Before tagging 0.2.10, the framework was tested against the user's actual home directories with the user's exact query, using the production run_enhancers_parallel(...) entry point and the new defaults:

registered enhancers: ['filename_extend']
wall clock: 1093 ms
telemetry: {'fired': ['filename_extend'], 'completed': ['filename_extend'],
            'timed_out': [], 'budget_ms': 2000, 'elapsed_ms': 1093}

💡 Found 4 match(es) outside the current project root...
   /Users/example/Downloads/<filename-A>.pdf
   /Users/example/Downloads/<filename-A>.docx
   /Users/example/Downloads/<filename-B>.pdf
   /Users/example/Downloads/<filename-C>.pdf

This is what the user should see when they run their query against ~/Documents after upgrading. The cli code path (cli.py) calls run_enhancers_parallel(...) from both the main cascade path (0.2.7) and the cold-start path (0.2.8 fix), so this behaviour is visible whether or not the index is built.

Compatibility

  • Python ≥ 3.9 (unchanged)
  • Existing 0.2.0–0.2.9 indexes: no migration.
  • Bench numbers unchanged.
  • Test suite: 192 / 192 passing (20 subtests).

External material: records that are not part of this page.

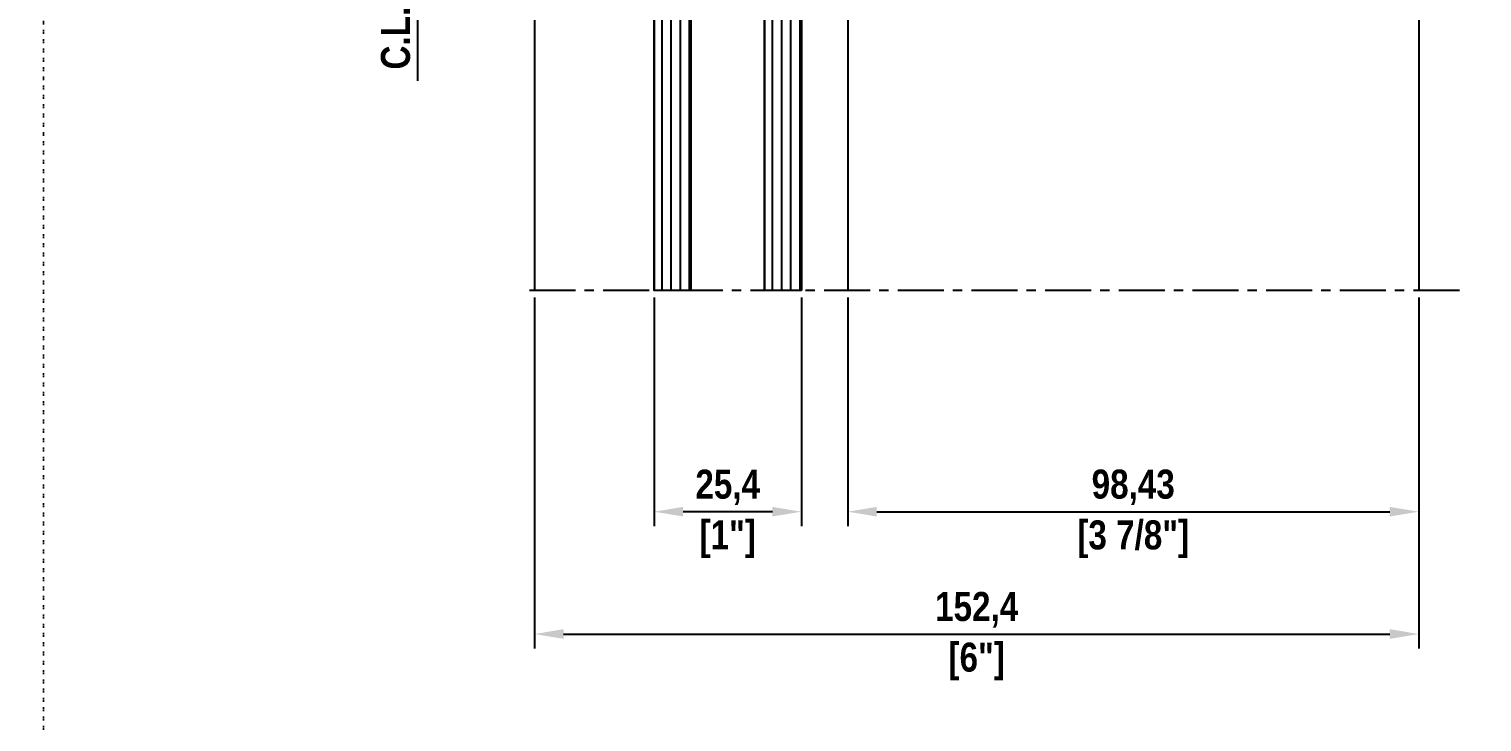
# Model space of a CAD drawing. Header units: millimetres. Extents: x -17234 to -8874, y -2869 to 1211.
# Drawn here: x -16096.8 to -15846.4, y -735.7 to -616.2 of the extents above; entities that cross this region are included whole.
import ezdxf

# ---------------------------------------------------------------- set-up
doc = ezdxf.new("R2010")
doc.units = ezdxf.units.MM
doc.linetypes.add('ACAD_ISO07W100', pattern=[3, 0, -3])
doc.linetypes.add('CENTER', pattern=[50.8, 31.75, -6.35, 6.35, -6.35])
doc.layers.get('Defpoints').update_dxf_attribs({"linetype": 'ACAD_ISO07W100', "true_color": 0x105689})
for name, color, linetype in [('Centerline', 6, 'CENTER'), ('Dim', 5, 'Continuous'), ('Glass', 4, 'Continuous'), ('Profile View', 9, 'Continuous')]:
    doc.layers.add(name, color=color, linetype=linetype)
doc.styles.add('TXT', font='techb___.ttf')
doc.dimstyles.new('ISO-25', dxfattribs={"dimtxt": 2.5, "dimasz": 2.5, "dimexe": 1.25, "dimexo": 0.625, "dimtad": 1, "dimtxsty": 'TXT', "dimcen": 2.5, "dimclrd": 5, "dimclre": 5, "dimclrt": 2, "dimadec": 0, "dimazin": 0, "dimtfac": 1, "dimtmove": 0, "dimatfit": 3, "dimfxl": 1, "dimarcsym": 0})
doc.dimstyles.new('ISO-25$0', dxfattribs={"dimtxt": 2.5, "dimasz": 2.5, "dimexe": 1.25, "dimexo": 0.625, "dimtad": 1, "dimtxsty": 'TXT', "dimcen": 2.5, "dimclrd": 5, "dimclre": 5, "dimclrt": 2, "dimadec": 0, "dimazin": 0, "dimtfac": 1, "dimtmove": 0, "dimatfit": 3, "dimfxl": 1, "dimarcsym": 0})

# ---------------------------------------------------------------- blocks, each defined once
blk = doc.blocks.new('*U4')
at = {"layer": 'Glass', "ltscale": 0.5}
h = blk.add_hatch(dxfattribs=at)
h.set_pattern_fill('ANSI31', color=5, scale=0.5, angle=45)
h.set_pattern_definition([(90, (0, -0.7), (-1.5875, 3e-16), [])])
h.paths.add_polyline_path([(0, 74.3), (6.35, 74.3), (6.35, 0), (0, 0)])
h.paths.add_polyline_path([(25.4, 0), (19.05, 0), (19.05, 74.3), (25.4, 74.3)])
at = {"layer": 'Glass'}
h = blk.add_hatch(dxfattribs=at)
h.set_pattern_fill('DOTS', color=9, scale=0.5)
h.set_pattern_definition([(0, (-1613.78865, -1630.7913), (0.396875, 0.79375), [0, -0.79375])])
h.paths.add_polyline_path([(17.05, 4.2), (8.35, 4.2, -0.414214), (6.35, 6.2), (6.35, 0, -0.20587), (19.05, 0), (19.05, 6.2, -0.414214)])
at = {"layer": 'Defpoints', "linetype": 'ByBlock', "ltscale": 0.5}
for points in [[(0, 74.3), (6.35, 74.3), (6.35, 0), (0, 0)], [(25.4, 0), (19.05, 0), (19.05, 74.3), (25.4, 74.3)]]:
    blk.add_lwpolyline(points, close=True, dxfattribs=at)
at = {"layer": 'Glass'}
for points in [[(0, 74.3), (0, 0), (6.35, 0), (6.35, 74.3)], [(19.05, 74.3), (19.05, 0), (25.4, 0), (25.4, 74.3)]]:
    blk.add_lwpolyline(points, dxfattribs=at)
at = {"layer": 'Glass', "color": 3}
for points in [[(19.05, 6.2), (19.05, 11, 0.414214), (17.05, 13), (8.35, 13, 0.414214), (6.35, 11), (6.35, 6.2, 0.414214), (8.35, 4.2), (17.05, 4.2, 0.414214)], [(18.05, 6.2), (18.05, 11, 0.414214), (17.05, 12), (8.35, 12, 0.414214), (7.35, 11), (7.35, 6.2, 0.414214), (8.35, 5.2), (17.05, 5.2, 0.414214)]]:
    blk.add_lwpolyline(points, format="xyb", close=True, dxfattribs=at)
at = {"layer": 'Glass', "color": 9}
for points in [[(7.64, 5.49), (17.76, 11.71)], [(7.64, 11.71), (17.86, 5.62)]]:
    blk.add_lwpolyline(points, dxfattribs=at)
blk.add_lwpolyline([(6.35, 0, -0.20587), (19.05, 0), (19.05, 6.2, -0.414214), (17.05, 4.2), (8.35, 4.2, -0.414214), (6.35, 6.2)], format="xyb", close=True, dxfattribs=at)
blk = doc.blocks.new('*D92')
at = {"layer": 'Defpoints', "color": 0, "ltscale": 0.5, "transparency": 16777216}
for p in [(-16013.17, -574.24), (-16029.84, -661.24), (-16013.17, -661.24)]:
    blk.add_point(p, dxfattribs=at)
at = {"layer": 'Dim', "color": 5, "lineweight": -2, "ltscale": 0.5, "transparency": 16777216}
for p, q in [((-16014.42, -574.24), (-16032.34, -574.24)), ((-16029.84, -579.24), (-16029.84, -625.11))]:
    blk.add_line(p, q, dxfattribs=at)
at = {"layer": 'Dim', "color": 5, "ltscale": 0.5, "transparency": 16777216}
blk.add_solid([(-16030.67, -579.24), (-16029, -579.24), (-16029.84, -574.24)], dxfattribs=at)
at = {"layer": 'Dim', "color": 2, "ltscale": 0.5, "transparency": 16777216, "insert": (-16033.63, -617.74), "char_height": 5, "attachment_point": 5, "rotation": 90, "style": 'TXT'}
blk.add_mtext('C.L.', dxfattribs=at)
blk = doc.blocks.new('*D95')
at = {"layer": 'Defpoints', "color": 0, "transparency": 16777216}
for p in [(-15955.69, -661.24), (-15857.27, -661.24), (-15857.27, -699.41)]:
    blk.add_point(p, dxfattribs=at)
at = {"layer": 'Dim', "color": 5, "lineweight": -2, "transparency": 16777216}
for p, q in [((-15955.69, -662.49), (-15955.69, -701.91)), ((-15857.27, -662.49), (-15857.27, -701.91)), ((-15950.69, -699.41), (-15862.27, -699.41))]:
    blk.add_line(p, q, dxfattribs=at)
at = {"layer": 'Dim', "color": 5, "transparency": 16777216}
for points in [[(-15950.69, -698.58), (-15950.69, -700.24), (-15955.69, -699.41)], [(-15862.27, -698.58), (-15862.27, -700.24), (-15857.27, -699.41)]]:
    blk.add_solid(points, dxfattribs=at)
at = {"layer": 'Dim', "color": 2, "transparency": 16777216, "char_height": 5, "attachment_point": 5, "style": 'TXT'}
for s, insert in [('98,43', (-15906.48, -695.21)), ('[3 7/8"]', (-15906.48, -704.16))]:
    blk.add_mtext(s, dxfattribs=dict(at, insert=insert))
blk = doc.blocks.new('*D96')
at = {"layer": 'Defpoints', "color": 0, "transparency": 16777216}
for p in [(-16009.67, -661.24), (-15857.27, -661.24), (-15857.27, -720.51)]:
    blk.add_point(p, dxfattribs=at)
at = {"layer": 'Dim', "color": 5, "lineweight": -2, "transparency": 16777216}
for p, q in [((-16009.67, -662.49), (-16009.67, -723.01)), ((-15857.27, -662.49), (-15857.27, -723.01)), ((-16004.67, -720.51), (-15862.27, -720.51))]:
    blk.add_line(p, q, dxfattribs=at)
at = {"layer": 'Dim', "color": 5, "transparency": 16777216}
for points in [[(-16004.67, -719.67), (-16004.67, -721.34), (-16009.67, -720.51)], [(-15862.27, -719.67), (-15862.27, -721.34), (-15857.27, -720.51)]]:
    blk.add_solid(points, dxfattribs=at)
at = {"layer": 'Dim', "color": 2, "transparency": 16777216, "char_height": 5, "attachment_point": 5, "style": 'TXT'}
for s, insert in [('152,4', (-15933.47, -716.32)), ('[6"]', (-15933.47, -725.25))]:
    blk.add_mtext(s, dxfattribs=dict(at, insert=insert))
blk = doc.blocks.new('*D94')
at = {"layer": 'Defpoints', "color": 0, "transparency": 16777216}
for p in [(-15989.09, -661.24), (-15963.69, -661.24), (-15989.09, -699.41)]:
    blk.add_point(p, dxfattribs=at)
at = {"layer": 'Dim', "color": 5, "lineweight": -2, "transparency": 16777216}
for p, q in [((-15989.09, -662.49), (-15989.09, -701.91)), ((-15963.69, -662.49), (-15963.69, -701.91)), ((-15968.69, -699.41), (-15984.09, -699.41))]:
    blk.add_line(p, q, dxfattribs=at)
at = {"layer": 'Dim', "color": 5, "transparency": 16777216}
for points in [[(-15984.09, -698.58), (-15984.09, -700.24), (-15989.09, -699.41)], [(-15968.69, -698.58), (-15968.69, -700.24), (-15963.69, -699.41)]]:
    blk.add_solid(points, dxfattribs=at)
at = {"layer": 'Dim', "color": 2, "transparency": 16777216, "char_height": 5, "attachment_point": 5, "style": 'TXT'}
for s, insert in [('25,4', (-15976.39, -695.22)), ('[1"]', (-15976.39, -704.16))]:
    blk.add_mtext(s, dxfattribs=dict(at, insert=insert))

msp = doc.modelspace()

# ---------------------------------------------------------------- linework, layer by layer
at = {"layer": 'Centerline', "ltscale": 0.25}
msp.add_lwpolyline([(-15850.243, -661.239), (-16012.143, -661.239)], dxfattribs=at)
at = {"layer": 'Defpoints', "color": 1, "ltscale": 0.5}
for points in [[(-16474.331, -319.239), (-16094.331, -319.239), (-16094.331, -829.239), (-16474.331, -829.239), (-16474.331, -319.239)], [(-16094.331, -319.239), (-15714.331, -319.239), (-15714.331, -829.239), (-16094.331, -829.239), (-16094.331, -319.239)]]:
    msp.add_lwpolyline(points, dxfattribs=at)
at = {"layer": 'Profile View', "ltscale": 0.5}
for points in [[(-16009.668, -447.239), (-16009.668, -661.239)], [(-15857.268, -447.239), (-15857.268, -661.239)], [(-15955.693, -599.389), (-15955.693, -661.239)]]:
    msp.add_lwpolyline(points, dxfattribs=at)

# ---------------------------------------------------------------- block references
at = {"layer": 'Glass', "rotation": 180}
msp.add_blockref('*U4', (-15963.693, -586.939), dxfattribs=at)

# ---------------------------------------------------------------- dimensions: what is measured, and where the dimension line sits
at = {"layer": 'Dim', "ltscale": 0.5}
dim = msp.add_linear_dim(base=(-16029.836, -661.239), p1=(-16013.168, -574.239), p2=(-16013.168, -661.239), angle=90, text='C.L.', dimstyle='ISO-25', override={"dimscale": 2, "dimpost": '\\X', "dimse2": 1, "dimsd2": 1}, dxfattribs=at)
dim.commit()
dim.dimension.update_dxf_attribs({"geometry": '*D92', "text_midpoint": (-16033.634, -617.739)})
at = {"layer": 'Dim'}
for base, p1, p2, picture, middle in [((-15857.268, -720.506), (-16009.668, -661.239), (-15857.268, -661.239), '*D96', (-15933.468, -720.506)), ((-15989.093, -699.41), (-15963.693, -661.239), (-15989.093, -661.239), '*D94', (-15976.393, -699.41)), ((-15857.268057101, -699.41000224), (-15955.693057101, -661.23944298), (-15857.268057101, -661.23944298), '*D95', (-15906.480557101, -699.41000224))]:
    dim = msp.add_linear_dim(base=base, p1=p1, p2=p2, dimstyle='ISO-25$0', override={"dimscale": 2, "dimpost": '\\X'}, dxfattribs=at)
    dim.commit()
    dim.dimension.update_dxf_attribs({"geometry": picture, "text_midpoint": middle})

doc.saveas('drawing.dxf')

Lessons (recorded in PRINCIPLES.md and auto-memory)

  1. End-to-end test before declaring "shipped" — 0.2.7, 0.2.8, and 0.2.9 each had passing unit tests for filename_extend but none had an end-to-end run against the user's actual home dirs with the production budgets. The user (correctly) pointed out that "测试了没有问题才能告诉我" — test it yourself, don't make the user be the integration test.

  2. Gate logic and mechanism logic are different concerns — the gate is "should we even try" (results-based); the mechanism is "what do we do when we try" (token / regex / subprocess). Mixing them creates the keyword-enumeration anti-pattern the user has flagged 4× now.

  3. Latency budgets must reflect measured production — 400 ms / 500 ms looked good in benchmarks but were under the actual find time on a real ~/Downloads. Always measure against real data before committing a budget number.

Known follow-ups (not in 0.2.10)

  • Phase C — full intelligent-retrieval audit; tracked in docs/plans/2026-05-05-phase-c-audit.md
  • More proactive enhancers (query_refinement, markdown_link_traverse, pdf_section_extract, git_history_related).
  • Re-render docs/assets/{benchmark,schema,hero-dark,og-image}.svg to reflect bge-m3 defaults.
  • Re-run the self-test bench on bge-m3 and update docs/token-benchmarking.md.
  • Fix the GitHub Actions PYPI_API_TOKEN 403; manual twine flow continues to work.